* **What the task requires**: In the records below, find each line containing the word "away" and copy it.

* **Records for this task**:

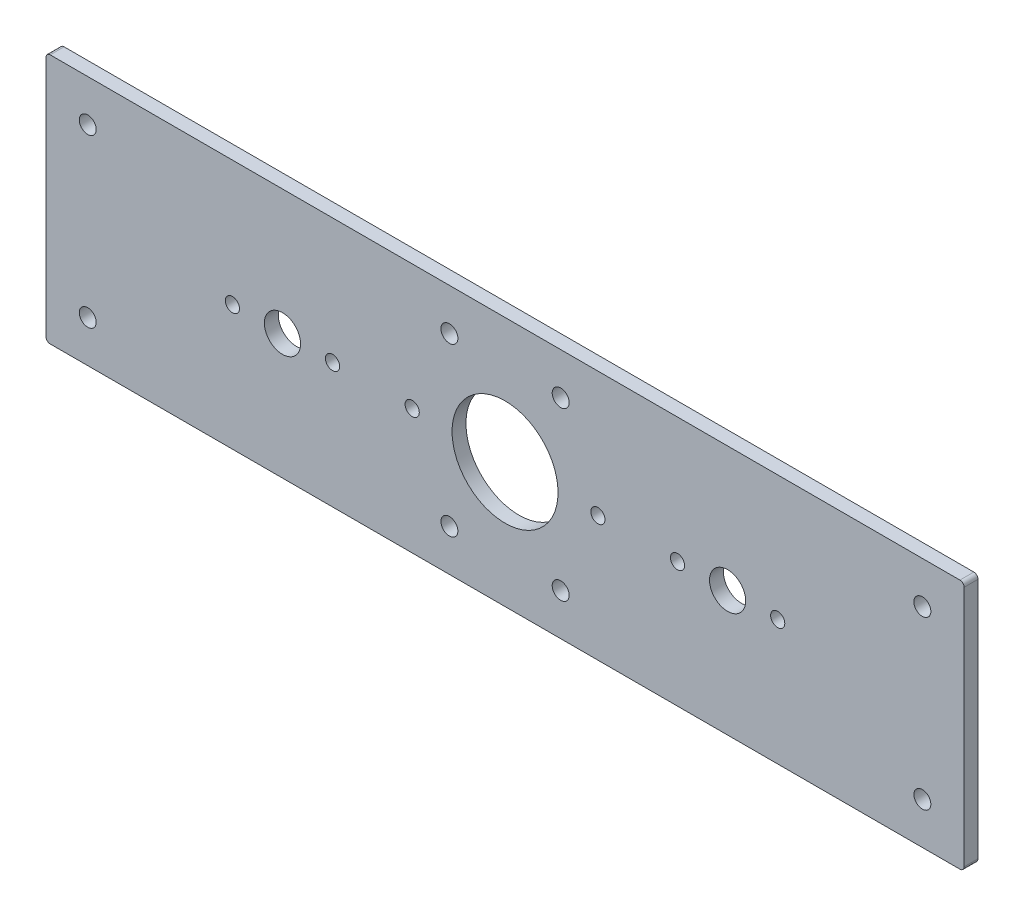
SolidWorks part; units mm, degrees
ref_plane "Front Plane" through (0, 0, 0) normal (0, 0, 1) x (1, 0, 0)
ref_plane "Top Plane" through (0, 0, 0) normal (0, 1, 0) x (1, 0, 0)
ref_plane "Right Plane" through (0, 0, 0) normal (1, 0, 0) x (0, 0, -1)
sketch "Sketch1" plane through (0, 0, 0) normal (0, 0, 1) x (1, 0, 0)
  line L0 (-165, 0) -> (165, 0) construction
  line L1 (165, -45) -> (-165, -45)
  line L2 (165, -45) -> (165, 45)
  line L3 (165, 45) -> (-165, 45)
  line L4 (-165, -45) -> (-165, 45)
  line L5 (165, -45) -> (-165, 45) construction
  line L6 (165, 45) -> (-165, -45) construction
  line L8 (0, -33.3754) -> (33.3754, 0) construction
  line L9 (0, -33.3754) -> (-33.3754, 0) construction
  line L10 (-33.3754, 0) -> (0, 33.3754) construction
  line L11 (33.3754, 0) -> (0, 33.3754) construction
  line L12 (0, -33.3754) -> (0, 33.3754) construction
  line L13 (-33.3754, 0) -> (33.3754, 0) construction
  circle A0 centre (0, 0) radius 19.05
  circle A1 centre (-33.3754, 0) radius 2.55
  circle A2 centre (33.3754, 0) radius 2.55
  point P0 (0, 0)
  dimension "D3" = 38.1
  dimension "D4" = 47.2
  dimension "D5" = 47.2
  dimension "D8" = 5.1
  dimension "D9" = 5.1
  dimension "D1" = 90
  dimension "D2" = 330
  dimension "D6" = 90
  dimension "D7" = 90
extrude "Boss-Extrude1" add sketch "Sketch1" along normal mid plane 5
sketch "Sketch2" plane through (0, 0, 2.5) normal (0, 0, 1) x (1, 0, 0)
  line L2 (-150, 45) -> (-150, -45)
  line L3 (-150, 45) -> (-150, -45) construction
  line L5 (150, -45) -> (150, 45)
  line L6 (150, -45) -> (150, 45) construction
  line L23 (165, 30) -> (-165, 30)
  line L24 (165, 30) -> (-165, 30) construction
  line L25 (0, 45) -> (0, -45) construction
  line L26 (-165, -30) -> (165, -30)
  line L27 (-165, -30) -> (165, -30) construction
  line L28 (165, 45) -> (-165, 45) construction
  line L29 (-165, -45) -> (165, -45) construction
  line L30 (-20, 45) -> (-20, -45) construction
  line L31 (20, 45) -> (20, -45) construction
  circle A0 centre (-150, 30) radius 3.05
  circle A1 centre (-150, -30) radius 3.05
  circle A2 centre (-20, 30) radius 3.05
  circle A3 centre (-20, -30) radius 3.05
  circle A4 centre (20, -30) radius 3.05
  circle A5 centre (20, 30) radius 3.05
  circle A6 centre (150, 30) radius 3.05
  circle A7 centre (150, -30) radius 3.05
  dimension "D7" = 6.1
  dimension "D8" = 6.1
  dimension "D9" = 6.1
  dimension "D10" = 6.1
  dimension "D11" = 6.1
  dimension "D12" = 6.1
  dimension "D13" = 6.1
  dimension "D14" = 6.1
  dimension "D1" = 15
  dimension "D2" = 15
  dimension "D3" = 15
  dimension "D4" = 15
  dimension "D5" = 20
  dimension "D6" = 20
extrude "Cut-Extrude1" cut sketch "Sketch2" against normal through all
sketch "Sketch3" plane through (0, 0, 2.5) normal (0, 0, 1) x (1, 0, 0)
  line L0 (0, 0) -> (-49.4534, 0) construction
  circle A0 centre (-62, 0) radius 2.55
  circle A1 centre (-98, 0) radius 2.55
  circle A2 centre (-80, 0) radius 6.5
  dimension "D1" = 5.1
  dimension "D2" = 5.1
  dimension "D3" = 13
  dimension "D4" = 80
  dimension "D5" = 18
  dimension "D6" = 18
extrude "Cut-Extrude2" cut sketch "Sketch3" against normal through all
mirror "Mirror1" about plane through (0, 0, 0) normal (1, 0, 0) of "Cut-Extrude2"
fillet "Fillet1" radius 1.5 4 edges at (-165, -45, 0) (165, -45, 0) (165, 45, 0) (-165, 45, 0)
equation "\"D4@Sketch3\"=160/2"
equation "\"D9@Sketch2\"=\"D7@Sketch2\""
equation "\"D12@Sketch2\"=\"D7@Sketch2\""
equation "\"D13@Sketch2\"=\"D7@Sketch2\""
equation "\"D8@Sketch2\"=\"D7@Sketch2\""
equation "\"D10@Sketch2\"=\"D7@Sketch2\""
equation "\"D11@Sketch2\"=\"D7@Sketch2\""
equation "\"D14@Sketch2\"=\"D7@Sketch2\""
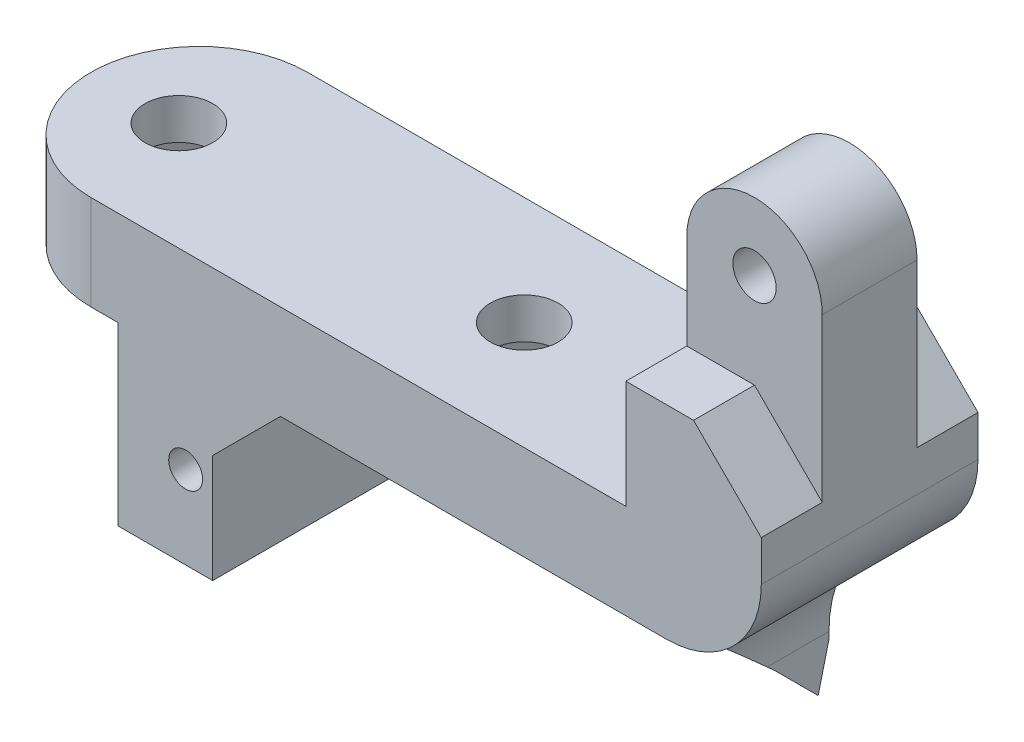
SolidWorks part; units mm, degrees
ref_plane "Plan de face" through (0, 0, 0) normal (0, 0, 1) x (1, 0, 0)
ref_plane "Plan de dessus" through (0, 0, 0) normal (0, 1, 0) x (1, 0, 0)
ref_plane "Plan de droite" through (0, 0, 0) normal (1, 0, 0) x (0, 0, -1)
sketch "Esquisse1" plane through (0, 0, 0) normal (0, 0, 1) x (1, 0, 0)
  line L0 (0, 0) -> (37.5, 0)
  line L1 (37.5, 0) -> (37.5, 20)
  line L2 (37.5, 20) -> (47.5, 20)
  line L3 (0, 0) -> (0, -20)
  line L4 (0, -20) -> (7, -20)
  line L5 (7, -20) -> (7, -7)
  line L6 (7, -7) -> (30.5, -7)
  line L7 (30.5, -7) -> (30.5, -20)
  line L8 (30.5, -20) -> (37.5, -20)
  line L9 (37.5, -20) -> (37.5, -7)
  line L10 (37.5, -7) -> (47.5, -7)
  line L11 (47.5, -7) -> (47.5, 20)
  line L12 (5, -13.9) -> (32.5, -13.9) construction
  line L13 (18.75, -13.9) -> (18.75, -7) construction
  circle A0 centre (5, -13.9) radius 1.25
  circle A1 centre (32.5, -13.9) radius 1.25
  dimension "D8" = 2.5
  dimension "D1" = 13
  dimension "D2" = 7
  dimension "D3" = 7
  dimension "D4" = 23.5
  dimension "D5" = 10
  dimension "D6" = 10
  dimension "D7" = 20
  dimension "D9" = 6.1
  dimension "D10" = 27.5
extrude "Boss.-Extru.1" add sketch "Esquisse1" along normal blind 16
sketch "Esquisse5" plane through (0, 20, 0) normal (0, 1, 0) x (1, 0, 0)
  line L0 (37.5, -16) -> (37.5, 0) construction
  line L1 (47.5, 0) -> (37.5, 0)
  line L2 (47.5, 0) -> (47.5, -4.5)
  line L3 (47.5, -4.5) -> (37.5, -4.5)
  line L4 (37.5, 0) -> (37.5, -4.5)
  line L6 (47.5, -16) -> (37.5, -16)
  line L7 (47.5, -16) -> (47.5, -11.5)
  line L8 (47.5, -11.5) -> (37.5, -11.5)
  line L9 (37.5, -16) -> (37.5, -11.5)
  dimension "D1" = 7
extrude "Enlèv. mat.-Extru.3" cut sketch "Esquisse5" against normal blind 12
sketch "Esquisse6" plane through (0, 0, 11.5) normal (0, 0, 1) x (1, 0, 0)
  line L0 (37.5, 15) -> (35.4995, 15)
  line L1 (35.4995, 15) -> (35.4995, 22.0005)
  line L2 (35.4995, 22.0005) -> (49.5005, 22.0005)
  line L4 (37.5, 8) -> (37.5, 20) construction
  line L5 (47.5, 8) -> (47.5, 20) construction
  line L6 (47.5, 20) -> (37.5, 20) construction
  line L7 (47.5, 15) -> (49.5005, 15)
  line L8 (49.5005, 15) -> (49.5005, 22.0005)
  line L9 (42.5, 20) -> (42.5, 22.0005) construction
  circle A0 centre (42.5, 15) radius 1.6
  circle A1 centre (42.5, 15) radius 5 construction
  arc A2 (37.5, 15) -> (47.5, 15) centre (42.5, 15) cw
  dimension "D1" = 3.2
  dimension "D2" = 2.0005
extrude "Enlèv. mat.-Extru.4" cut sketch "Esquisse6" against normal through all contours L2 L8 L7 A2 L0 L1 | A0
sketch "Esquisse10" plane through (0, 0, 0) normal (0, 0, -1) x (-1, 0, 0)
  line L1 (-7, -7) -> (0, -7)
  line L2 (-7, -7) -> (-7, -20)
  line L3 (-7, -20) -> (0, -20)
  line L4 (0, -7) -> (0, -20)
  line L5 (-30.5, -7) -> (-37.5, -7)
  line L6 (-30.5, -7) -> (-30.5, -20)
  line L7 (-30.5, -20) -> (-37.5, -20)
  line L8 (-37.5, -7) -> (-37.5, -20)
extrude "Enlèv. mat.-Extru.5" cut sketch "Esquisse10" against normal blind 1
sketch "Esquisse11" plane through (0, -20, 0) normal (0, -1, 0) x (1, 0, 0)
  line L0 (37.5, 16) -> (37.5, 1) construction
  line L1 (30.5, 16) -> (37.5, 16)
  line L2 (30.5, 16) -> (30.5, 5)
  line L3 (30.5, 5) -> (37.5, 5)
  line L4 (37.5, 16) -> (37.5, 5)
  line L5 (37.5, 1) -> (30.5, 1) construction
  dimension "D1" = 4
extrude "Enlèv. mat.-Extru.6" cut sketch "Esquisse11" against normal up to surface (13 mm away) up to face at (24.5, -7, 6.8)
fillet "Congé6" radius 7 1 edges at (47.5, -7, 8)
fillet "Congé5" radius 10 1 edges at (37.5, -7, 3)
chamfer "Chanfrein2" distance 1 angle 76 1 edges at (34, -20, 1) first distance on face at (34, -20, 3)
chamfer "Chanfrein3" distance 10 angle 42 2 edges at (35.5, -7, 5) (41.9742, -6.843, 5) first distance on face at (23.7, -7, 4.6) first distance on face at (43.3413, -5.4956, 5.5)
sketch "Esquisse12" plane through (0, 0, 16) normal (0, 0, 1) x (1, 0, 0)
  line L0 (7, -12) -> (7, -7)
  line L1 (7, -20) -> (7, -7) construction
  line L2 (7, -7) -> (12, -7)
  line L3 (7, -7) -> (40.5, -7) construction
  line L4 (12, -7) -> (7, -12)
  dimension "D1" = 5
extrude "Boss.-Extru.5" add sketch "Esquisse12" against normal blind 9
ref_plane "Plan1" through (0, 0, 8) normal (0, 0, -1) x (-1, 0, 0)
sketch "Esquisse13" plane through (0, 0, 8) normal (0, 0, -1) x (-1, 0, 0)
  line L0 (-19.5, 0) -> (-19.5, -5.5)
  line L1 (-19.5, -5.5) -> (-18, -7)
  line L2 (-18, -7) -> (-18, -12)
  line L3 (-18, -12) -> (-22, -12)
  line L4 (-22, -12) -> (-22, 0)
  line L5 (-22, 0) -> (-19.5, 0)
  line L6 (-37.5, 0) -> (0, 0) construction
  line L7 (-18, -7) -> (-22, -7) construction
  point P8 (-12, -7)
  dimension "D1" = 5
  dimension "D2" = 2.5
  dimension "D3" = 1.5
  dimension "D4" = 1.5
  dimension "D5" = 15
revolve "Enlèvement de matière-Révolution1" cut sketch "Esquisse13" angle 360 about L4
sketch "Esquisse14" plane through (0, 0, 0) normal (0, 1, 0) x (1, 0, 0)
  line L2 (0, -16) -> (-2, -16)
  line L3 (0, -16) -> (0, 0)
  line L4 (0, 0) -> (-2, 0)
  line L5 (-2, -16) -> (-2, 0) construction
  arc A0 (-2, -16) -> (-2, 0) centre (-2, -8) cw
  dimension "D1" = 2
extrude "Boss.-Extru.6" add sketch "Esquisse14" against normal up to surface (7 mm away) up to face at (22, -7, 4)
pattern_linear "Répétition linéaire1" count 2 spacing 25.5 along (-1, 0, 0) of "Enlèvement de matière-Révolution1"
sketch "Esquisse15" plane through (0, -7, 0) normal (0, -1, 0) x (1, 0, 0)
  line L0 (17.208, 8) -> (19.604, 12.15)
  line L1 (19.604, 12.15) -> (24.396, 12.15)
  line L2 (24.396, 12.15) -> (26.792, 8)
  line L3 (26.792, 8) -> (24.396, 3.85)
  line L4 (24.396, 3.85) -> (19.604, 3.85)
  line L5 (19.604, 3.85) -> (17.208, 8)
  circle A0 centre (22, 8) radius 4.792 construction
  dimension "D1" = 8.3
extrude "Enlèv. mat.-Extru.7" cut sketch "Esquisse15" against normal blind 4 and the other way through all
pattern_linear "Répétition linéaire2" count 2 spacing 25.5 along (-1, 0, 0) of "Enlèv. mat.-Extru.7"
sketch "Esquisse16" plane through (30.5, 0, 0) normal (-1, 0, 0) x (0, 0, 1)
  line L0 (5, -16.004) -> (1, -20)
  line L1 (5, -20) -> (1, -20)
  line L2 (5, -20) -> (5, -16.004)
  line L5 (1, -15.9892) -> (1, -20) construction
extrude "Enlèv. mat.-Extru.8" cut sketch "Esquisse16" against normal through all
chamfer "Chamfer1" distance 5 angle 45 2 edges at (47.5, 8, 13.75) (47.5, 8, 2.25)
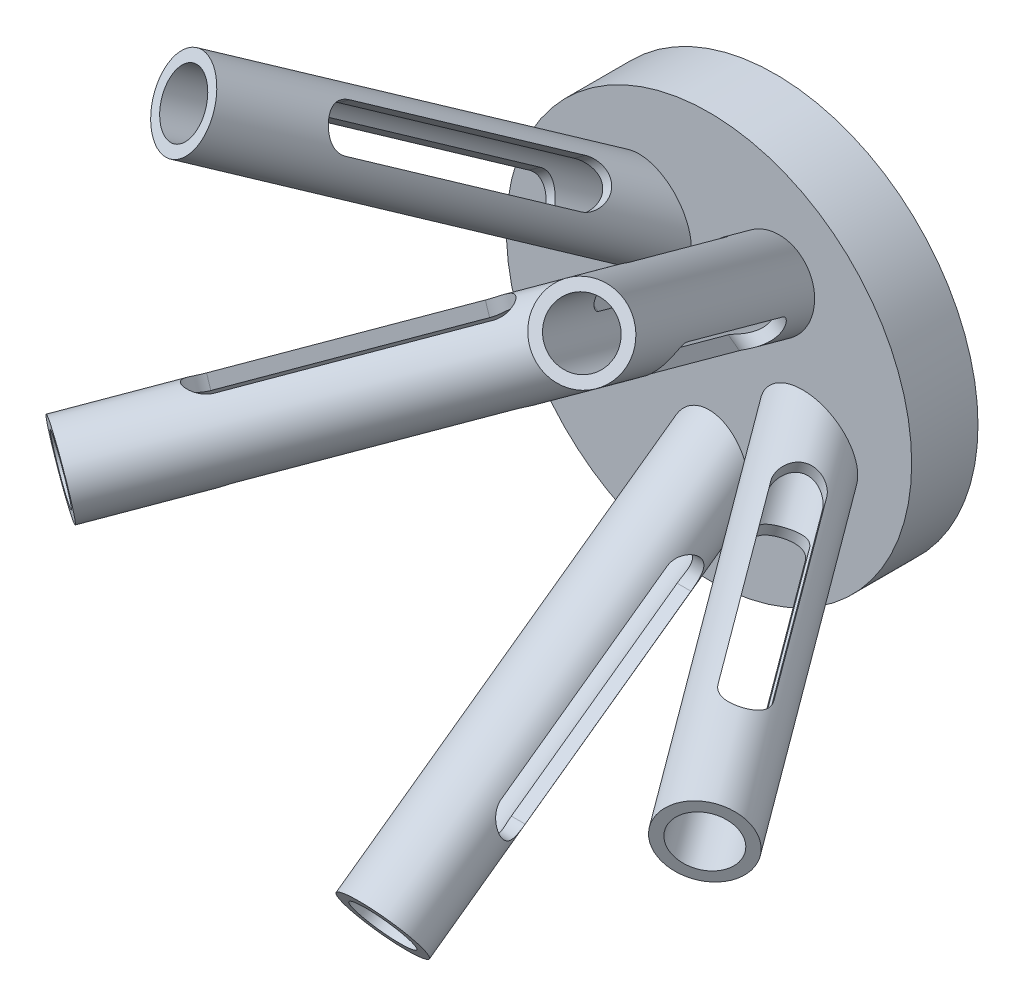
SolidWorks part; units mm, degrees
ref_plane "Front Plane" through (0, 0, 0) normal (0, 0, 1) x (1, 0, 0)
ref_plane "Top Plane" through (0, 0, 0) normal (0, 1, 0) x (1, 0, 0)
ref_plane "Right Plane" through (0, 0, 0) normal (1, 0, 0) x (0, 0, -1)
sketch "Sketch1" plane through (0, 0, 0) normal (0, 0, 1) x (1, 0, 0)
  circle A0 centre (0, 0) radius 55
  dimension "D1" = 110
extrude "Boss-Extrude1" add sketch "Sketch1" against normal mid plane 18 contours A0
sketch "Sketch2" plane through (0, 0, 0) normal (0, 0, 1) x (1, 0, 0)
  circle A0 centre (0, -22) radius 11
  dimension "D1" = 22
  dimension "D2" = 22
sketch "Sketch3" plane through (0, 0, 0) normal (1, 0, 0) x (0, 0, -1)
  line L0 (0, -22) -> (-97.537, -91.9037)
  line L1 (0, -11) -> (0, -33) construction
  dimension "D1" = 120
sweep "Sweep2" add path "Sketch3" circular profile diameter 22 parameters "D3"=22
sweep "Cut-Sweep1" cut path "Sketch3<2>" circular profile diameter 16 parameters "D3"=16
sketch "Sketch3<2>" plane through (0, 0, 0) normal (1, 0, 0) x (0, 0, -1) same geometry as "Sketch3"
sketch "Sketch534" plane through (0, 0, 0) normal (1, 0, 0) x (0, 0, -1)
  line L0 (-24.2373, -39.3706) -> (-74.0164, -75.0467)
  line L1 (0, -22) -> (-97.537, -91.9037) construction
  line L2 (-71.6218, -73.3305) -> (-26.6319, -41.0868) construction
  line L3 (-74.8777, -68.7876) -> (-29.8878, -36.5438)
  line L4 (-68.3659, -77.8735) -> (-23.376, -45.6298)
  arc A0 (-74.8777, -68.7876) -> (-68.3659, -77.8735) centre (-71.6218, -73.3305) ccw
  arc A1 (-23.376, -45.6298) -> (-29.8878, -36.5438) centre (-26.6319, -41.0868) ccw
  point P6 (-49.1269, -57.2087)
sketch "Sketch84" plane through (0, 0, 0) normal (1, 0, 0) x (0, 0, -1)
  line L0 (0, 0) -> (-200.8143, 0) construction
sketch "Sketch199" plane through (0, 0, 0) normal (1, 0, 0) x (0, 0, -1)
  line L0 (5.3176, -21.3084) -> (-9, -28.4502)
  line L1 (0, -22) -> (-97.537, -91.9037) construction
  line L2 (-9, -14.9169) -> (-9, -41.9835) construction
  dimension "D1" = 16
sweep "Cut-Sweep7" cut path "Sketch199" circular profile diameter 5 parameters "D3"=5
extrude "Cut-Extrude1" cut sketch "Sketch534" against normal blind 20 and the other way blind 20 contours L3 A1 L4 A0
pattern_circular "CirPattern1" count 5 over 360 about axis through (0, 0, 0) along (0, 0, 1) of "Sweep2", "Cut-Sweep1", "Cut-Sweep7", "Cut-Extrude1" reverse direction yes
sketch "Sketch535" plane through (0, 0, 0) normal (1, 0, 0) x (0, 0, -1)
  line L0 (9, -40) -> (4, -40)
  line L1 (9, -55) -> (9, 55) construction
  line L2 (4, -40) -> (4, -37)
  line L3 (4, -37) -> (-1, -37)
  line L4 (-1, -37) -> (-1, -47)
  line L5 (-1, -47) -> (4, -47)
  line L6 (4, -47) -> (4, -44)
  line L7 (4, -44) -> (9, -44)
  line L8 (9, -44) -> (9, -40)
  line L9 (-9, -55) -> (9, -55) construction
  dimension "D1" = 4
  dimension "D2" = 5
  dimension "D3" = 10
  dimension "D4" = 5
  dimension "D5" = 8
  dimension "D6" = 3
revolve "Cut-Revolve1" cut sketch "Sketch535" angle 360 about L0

* **Expected answer**:
extrude "Enlèv. mat.-Extru.6" cut sketch "Esquisse11" against normal up to surface (13 mm away) up to face at (24.5, -7, 6.8)
extrude "Boss.-Extru.6" add sketch "Esquisse14" against normal up to surface (7 mm away) up to face at (22, -7, 4)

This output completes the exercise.